Job Finished in 19.732 seconds
Estimated value of Pi is 4.00000000000000000000
[fred@bright70 ~]$ hadoop jar $HADOOP_PREFIX/share/hadoop/mapreduce/hhadoop-mapreduce-examples-2.6.0.2.2.0.0-2041.jar pi <numMappers> <numSamplesPerMapper>

List of All Tests Available

[david@openstack1 ~]$ hadoop jar /cm/shared/apps/hadoop/ubs-test/share/hadoop/mapreduce/hadoop-mapreduce-examples-2.6.0.2.2.0.0-2041.jar -h
Unknown program '-h' chosen.
Valid program names are:
  aggregatewordcount: An Aggregate based map/reduce program that counts the words in the input files.
  aggregatewordhist: An Aggregate based map/reduce program that computes the histogram of the words in the input files.
  bbp: A map/reduce program that uses Bailey-Borwein-Plouffe to compute exact digits of Pi.
  dbcount: An example job that count the pageview counts from a database.
  distbbp: A map/reduce program that uses a BBP-type formula to compute exact bits of Pi.
  grep: A map/reduce program that counts the matches of a regex in the input.

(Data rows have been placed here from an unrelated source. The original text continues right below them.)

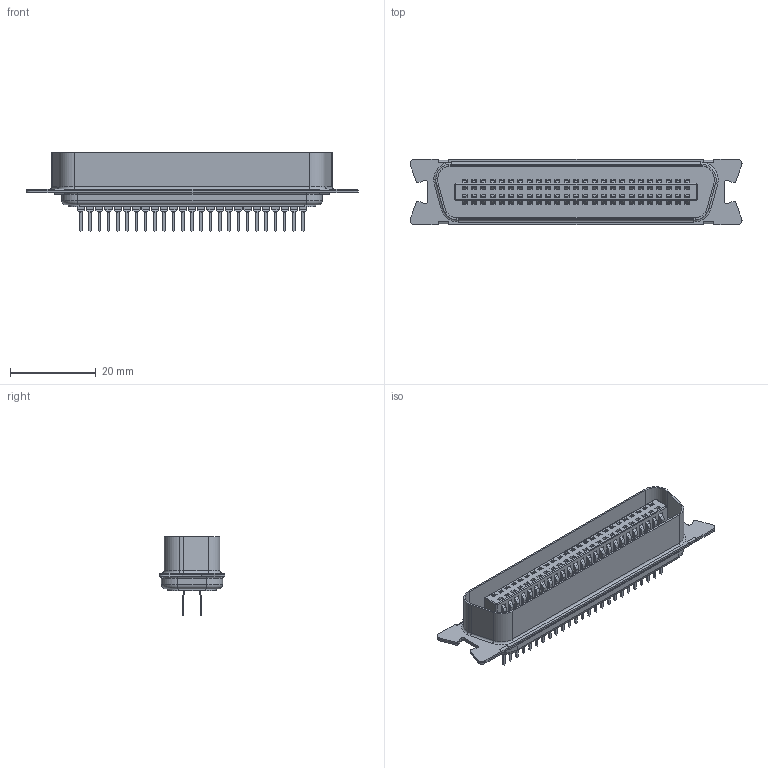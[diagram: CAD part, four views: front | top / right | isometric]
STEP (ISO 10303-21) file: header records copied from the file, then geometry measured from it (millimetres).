
FILE_DESCRIPTION (( 'STEP AP203' ), '1' );
FILE_NAME ('B57-150-621-003.STEP', '2020-06-24T12:29:12', ( '' ), ( '' ), 'SwSTEP 2.0', 'SolidWorks 2020', '' );
FILE_SCHEMA (( 'CONFIG_CONTROL_DESIGN' ));
Length unit declared in the file: millimetre
Products named in the file (5): B57 Back Shell_50 Position LATCH; B57 Front Shell MALE_50 Position LATCH; B57 Contacts MALE_50 Position STR; B57-150-621-003; B57 Housing Insert MALE_50 Position UP
Assembly tree (4 placements, depth 2):
  B57-150-621-003
    B57 Back Shell_50 Position LATCH
    B57 Housing Insert MALE_50 Position UP
    B57 Front Shell MALE_50 Position LATCH
    B57 Contacts MALE_50 Position STR
Bounding box: 77.35 x 15.3 x 18.34 mm (x, y, z)
Volume: 5811.6 mm3; surface area: 14092.7 mm2
Topology: 53 solids, 53 shells, 4864 faces, 13781 edges, 8724 vertices
Faces by surface type: plane 3431, cylinder 1203, sphere 204, torus 26
Entity records: 155298 total; most frequent: CARTESIAN_POINT 29272, ORIENTED_EDGE 27154, DIRECTION 24959, EDGE_CURVE 13577, VECTOR 10937, LINE 10937, VERTEX_POINT 8724, AXIS2_PLACEMENT_3D 7011
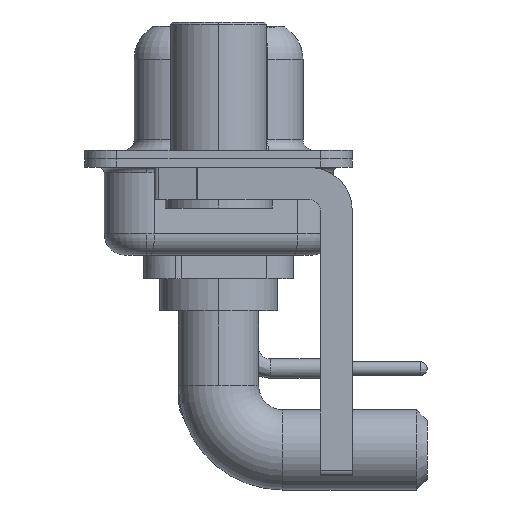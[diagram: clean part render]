
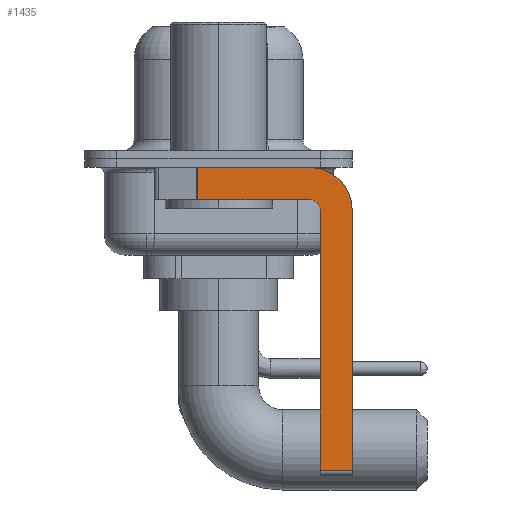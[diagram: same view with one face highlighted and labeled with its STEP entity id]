
A CAD part, left-side view. The second image highlights one B-rep face of the part: STEP entity #1435.
In plain terms, the highlighted planar face has unit normal (-1, 0, 0).
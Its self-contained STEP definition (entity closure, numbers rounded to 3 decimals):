
#122 = CARTESIAN_POINT ( 'NONE',  ( -2.9, 3., -0.4 ) ) ;
#168 = CARTESIAN_POINT ( 'NONE',  ( -2.9, 0.978, -0.4 ) ) ;
#343 = DIRECTION ( 'NONE',  ( 0., 0., -1. ) ) ;
#951 = DIRECTION ( 'NONE',  ( 1., 0., 0. ) ) ;
#1380 = LINE ( 'NONE', #122, #6630 ) ;
#1435 = ADVANCED_FACE ( 'NONE', ( #2364 ), #19253, .F. ) ;
#1526 = CARTESIAN_POINT ( 'NONE',  ( -2.9, -4.25, -1.9 ) ) ;
#1745 = CARTESIAN_POINT ( 'NONE',  ( -2.9, -6.25, -2.4 ) ) ;
#2019 = DIRECTION ( 'NONE',  ( 0., -1., 0. ) ) ;
#2262 = AXIS2_PLACEMENT_3D ( 'NONE', #5443, #951, #9863 ) ;
#2282 = ORIENTED_EDGE ( 'NONE', *, *, #14567, .F. ) ;
#2302 = CARTESIAN_POINT ( 'NONE',  ( -2.9, 0.978, -1.9 ) ) ;
#2364 = FACE_OUTER_BOUND ( 'NONE', #11765, .T. ) ;
#2637 = VERTEX_POINT ( 'NONE', #3654 ) ;
#2713 = CARTESIAN_POINT ( 'NONE',  ( -2.9, -4.25, -0.4 ) ) ;
#3213 = AXIS2_PLACEMENT_3D ( 'NONE', #10722, #16740, #13597 ) ;
#3654 = CARTESIAN_POINT ( 'NONE',  ( -2.9, -6.25, -2.4 ) ) ;
#4127 = VERTEX_POINT ( 'NONE', #168 ) ;
#4224 = CARTESIAN_POINT ( 'NONE',  ( -2.9, -4.25, -2.4 ) ) ;
#4620 = DIRECTION ( 'NONE',  ( 0., -1., 0. ) ) ;
#4656 = LINE ( 'NONE', #7787, #14286 ) ;
#5120 = EDGE_CURVE ( 'NONE', #4127, #18490, #4656, .T. ) ;
#5293 = ORIENTED_EDGE ( 'NONE', *, *, #16993, .F. ) ;
#5443 = CARTESIAN_POINT ( 'NONE',  ( -2.9, -4.25, -2.4 ) ) ;
#5737 = ORIENTED_EDGE ( 'NONE', *, *, #10637, .T. ) ;
#6227 = CARTESIAN_POINT ( 'NONE',  ( -2.9, -4.75, -14.8 ) ) ;
#6304 = VERTEX_POINT ( 'NONE', #1526 ) ;
#6368 = VERTEX_POINT ( 'NONE', #2713 ) ;
#6508 = ORIENTED_EDGE ( 'NONE', *, *, #13395, .F. ) ;
#6630 = VECTOR ( 'NONE', #4620, 1000. ) ;
#7186 = VECTOR ( 'NONE', #2019, 1000. ) ;
#7267 = VERTEX_POINT ( 'NONE', #18592 ) ;
#7334 = VERTEX_POINT ( 'NONE', #8354 ) ;
#7607 = LINE ( 'NONE', #6227, #8539 ) ;
#7787 = CARTESIAN_POINT ( 'NONE',  ( -2.9, 0.978, -1.9 ) ) ;
#7943 = AXIS2_PLACEMENT_3D ( 'NONE', #4224, #15997, #17284 ) ;
#8354 = CARTESIAN_POINT ( 'NONE',  ( -2.9, -4.75, -2.4 ) ) ;
#8539 = VECTOR ( 'NONE', #10623, 1000. ) ;
#9192 = DIRECTION ( 'NONE',  ( 0., 0., -1. ) ) ;
#9458 = CIRCLE ( 'NONE', #2262, 2. ) ;
#9471 = VECTOR ( 'NONE', #9192, 1000. ) ;
#9863 = DIRECTION ( 'NONE',  ( 0., 0., -1. ) ) ;
#10578 = ORIENTED_EDGE ( 'NONE', *, *, #10801, .F. ) ;
#10623 = DIRECTION ( 'NONE',  ( 0., 0., 1. ) ) ;
#10637 = EDGE_CURVE ( 'NONE', #15456, #7267, #12319, .T. ) ;
#10702 = CARTESIAN_POINT ( 'NONE',  ( -2.9, -4.75, -14.55 ) ) ;
#10722 = CARTESIAN_POINT ( 'NONE',  ( -2.9, -4.25, -2.4 ) ) ;
#10801 = EDGE_CURVE ( 'NONE', #6304, #18490, #18916, .T. ) ;
#11154 = ORIENTED_EDGE ( 'NONE', *, *, #5120, .T. ) ;
#11411 = CARTESIAN_POINT ( 'NONE',  ( -2.9, -4.25, -1.9 ) ) ;
#11765 = EDGE_LOOP ( 'NONE', ( #2282, #11154, #10578, #19070, #5293, #5737, #18354, #6508 ) ) ;
#12319 = LINE ( 'NONE', #18332, #7186 ) ;
#13395 = EDGE_CURVE ( 'NONE', #6368, #2637, #9458, .T. ) ;
#13512 = LINE ( 'NONE', #1745, #9471 ) ;
#13597 = DIRECTION ( 'NONE',  ( 0., 0., 1. ) ) ;
#13659 = EDGE_CURVE ( 'NONE', #7334, #6304, #16687, .T. ) ;
#14286 = VECTOR ( 'NONE', #343, 1000. ) ;
#14567 = EDGE_CURVE ( 'NONE', #4127, #6368, #1380, .T. ) ;
#15456 = VERTEX_POINT ( 'NONE', #10702 ) ;
#15997 = DIRECTION ( 'NONE',  ( 1., 0., 0. ) ) ;
#16526 = EDGE_CURVE ( 'NONE', #2637, #7267, #13512, .T. ) ;
#16687 = CIRCLE ( 'NONE', #3213, 0.5 ) ;
#16740 = DIRECTION ( 'NONE',  ( -1., 0., 0. ) ) ;
#16993 = EDGE_CURVE ( 'NONE', #15456, #7334, #7607, .T. ) ;
#17284 = DIRECTION ( 'NONE',  ( 0., 0., -1. ) ) ;
#17432 = DIRECTION ( 'NONE',  ( 0., 1., 0. ) ) ;
#18332 = CARTESIAN_POINT ( 'NONE',  ( -2.9, -4.25, -14.55 ) ) ;
#18354 = ORIENTED_EDGE ( 'NONE', *, *, #16526, .F. ) ;
#18490 = VERTEX_POINT ( 'NONE', #2302 ) ;
#18514 = VECTOR ( 'NONE', #17432, 1000. ) ;
#18592 = CARTESIAN_POINT ( 'NONE',  ( -2.9, -6.25, -14.55 ) ) ;
#18916 = LINE ( 'NONE', #11411, #18514 ) ;
#19070 = ORIENTED_EDGE ( 'NONE', *, *, #13659, .F. ) ;
#19253 = PLANE ( 'NONE',  #7943 ) ;
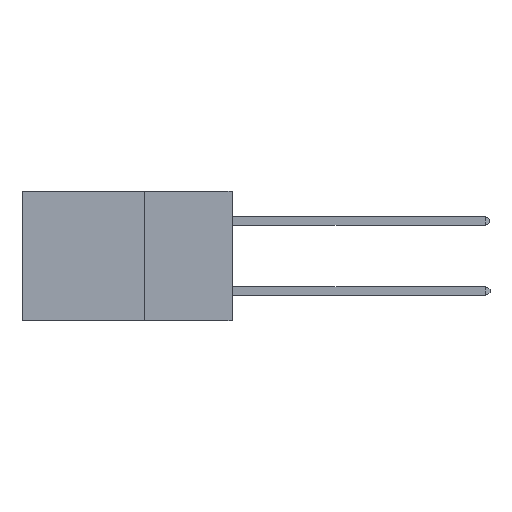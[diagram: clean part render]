
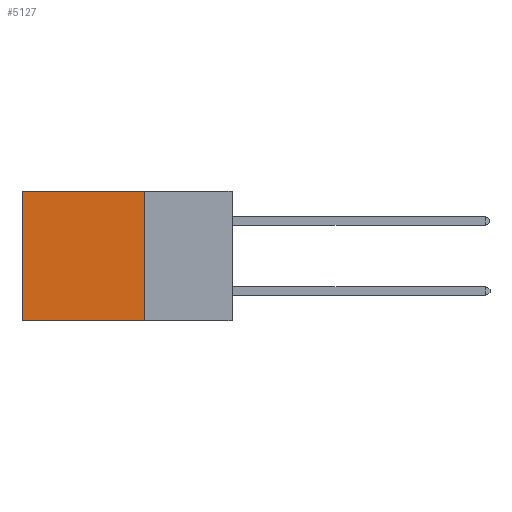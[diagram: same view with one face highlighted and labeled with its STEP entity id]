
A CAD part, left-side view. The second image highlights one B-rep face of the part: STEP entity #5127.
In plain terms, the highlighted planar face has unit normal (-1, 0, 0).
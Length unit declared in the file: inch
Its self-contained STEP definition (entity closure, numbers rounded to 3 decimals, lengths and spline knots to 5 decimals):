
#212 = EDGE_CURVE ( 'NONE', #12373, #5416, #5501, .T. ) ;
#460 = CARTESIAN_POINT ( 'NONE',  ( 0.2875, 0.6, -0.37 ) ) ;
#542 = FACE_OUTER_BOUND ( 'NONE', #8381, .T. ) ;
#836 = LINE ( 'NONE', #8320, #11488 ) ;
#1406 = VECTOR ( 'NONE', #11920, 39.37008 ) ;
#1836 = LINE ( 'NONE', #11827, #1406 ) ;
#2302 = EDGE_CURVE ( 'NONE', #6231, #5416, #6464, .T. ) ;
#2935 = EDGE_CURVE ( 'NONE', #16811, #12373, #836, .T. ) ;
#3897 = ORIENTED_EDGE ( 'NONE', *, *, #212, .F. ) ;
#4530 = EDGE_CURVE ( 'NONE', #16811, #6231, #1836, .T. ) ;
#4585 = DIRECTION ( 'NONE',  ( 0., 0., -1. ) ) ;
#4605 = DIRECTION ( 'NONE',  ( 1., 0., 0. ) ) ;
#4776 = AXIS2_PLACEMENT_3D ( 'NONE', #4780, #4605, #4585 ) ;
#4780 = CARTESIAN_POINT ( 'NONE',  ( 0.2875, 0.25, 0. ) ) ;
#4921 = PLANE ( 'NONE',  #4776 ) ;
#4970 = DIRECTION ( 'NONE',  ( 0., 1., 0. ) ) ;
#5127 = ADVANCED_FACE ( 'NONE', ( #542 ), #4921, .F. ) ;
#5416 = VERTEX_POINT ( 'NONE', #460 ) ;
#5501 = LINE ( 'NONE', #11402, #15420 ) ;
#6184 = ORIENTED_EDGE ( 'NONE', *, *, #2302, .T. ) ;
#6231 = VERTEX_POINT ( 'NONE', #13416 ) ;
#6464 = LINE ( 'NONE', #16905, #9092 ) ;
#8293 = DIRECTION ( 'NONE',  ( 0., 0., -1. ) ) ;
#8307 = ORIENTED_EDGE ( 'NONE', *, *, #2935, .F. ) ;
#8320 = CARTESIAN_POINT ( 'NONE',  ( 0.2875, 0.25, 0. ) ) ;
#8381 = EDGE_LOOP ( 'NONE', ( #6184, #3897, #8307, #12264 ) ) ;
#8444 = CARTESIAN_POINT ( 'NONE',  ( 0.2875, 0.25, 0. ) ) ;
#9092 = VECTOR ( 'NONE', #16817, 39.37008 ) ;
#10881 = CARTESIAN_POINT ( 'NONE',  ( 0.2875, 0.25, -0.37 ) ) ;
#11402 = CARTESIAN_POINT ( 'NONE',  ( 0.2875, 0.25, -0.37 ) ) ;
#11488 = VECTOR ( 'NONE', #8293, 39.37008 ) ;
#11827 = CARTESIAN_POINT ( 'NONE',  ( 0.2875, 0.25, 0. ) ) ;
#11920 = DIRECTION ( 'NONE',  ( 0., 1., 0. ) ) ;
#12264 = ORIENTED_EDGE ( 'NONE', *, *, #4530, .T. ) ;
#12373 = VERTEX_POINT ( 'NONE', #10881 ) ;
#13416 = CARTESIAN_POINT ( 'NONE',  ( 0.2875, 0.6, 0. ) ) ;
#15420 = VECTOR ( 'NONE', #4970, 39.37008 ) ;
#16811 = VERTEX_POINT ( 'NONE', #8444 ) ;
#16817 = DIRECTION ( 'NONE',  ( 0., 0., -1. ) ) ;
#16905 = CARTESIAN_POINT ( 'NONE',  ( 0.2875, 0.6, 0. ) ) ;

  join: A job that effects a join over sorted, equally partitioned datasets
  multifilewc: A job that counts words from several files.
  pentomino: A map/reduce tile laying program to find solutions to pentomino problems.
  pi: A map/reduce program that estimates Pi using a quasi-Monte Carlo method.
  randomtextwriter: A map/reduce program that writes 10GB of random textual data per node.
  randomwriter: A map/reduce program that writes 10GB of random data per node.
  secondarysort: An example defining a secondary sort to the reduce.
  sort: A map/reduce program that sorts the data written by the random writer.
  sudoku: A sudoku solver.
  teragen: Generate data for the terasort
  terasort: Run the terasort
  teravalidate: Checking results of terasort
  wordcount: A map/reduce program that counts the words in the input files.
  wordmean: A map/reduce program that counts the average length of the words in the input files.
  wordmedian: A map/reduce program that counts the median length of the words in the input files.
  wordstandarddeviation: A map/reduce program that counts the standard deviation of the length of the words in the input files.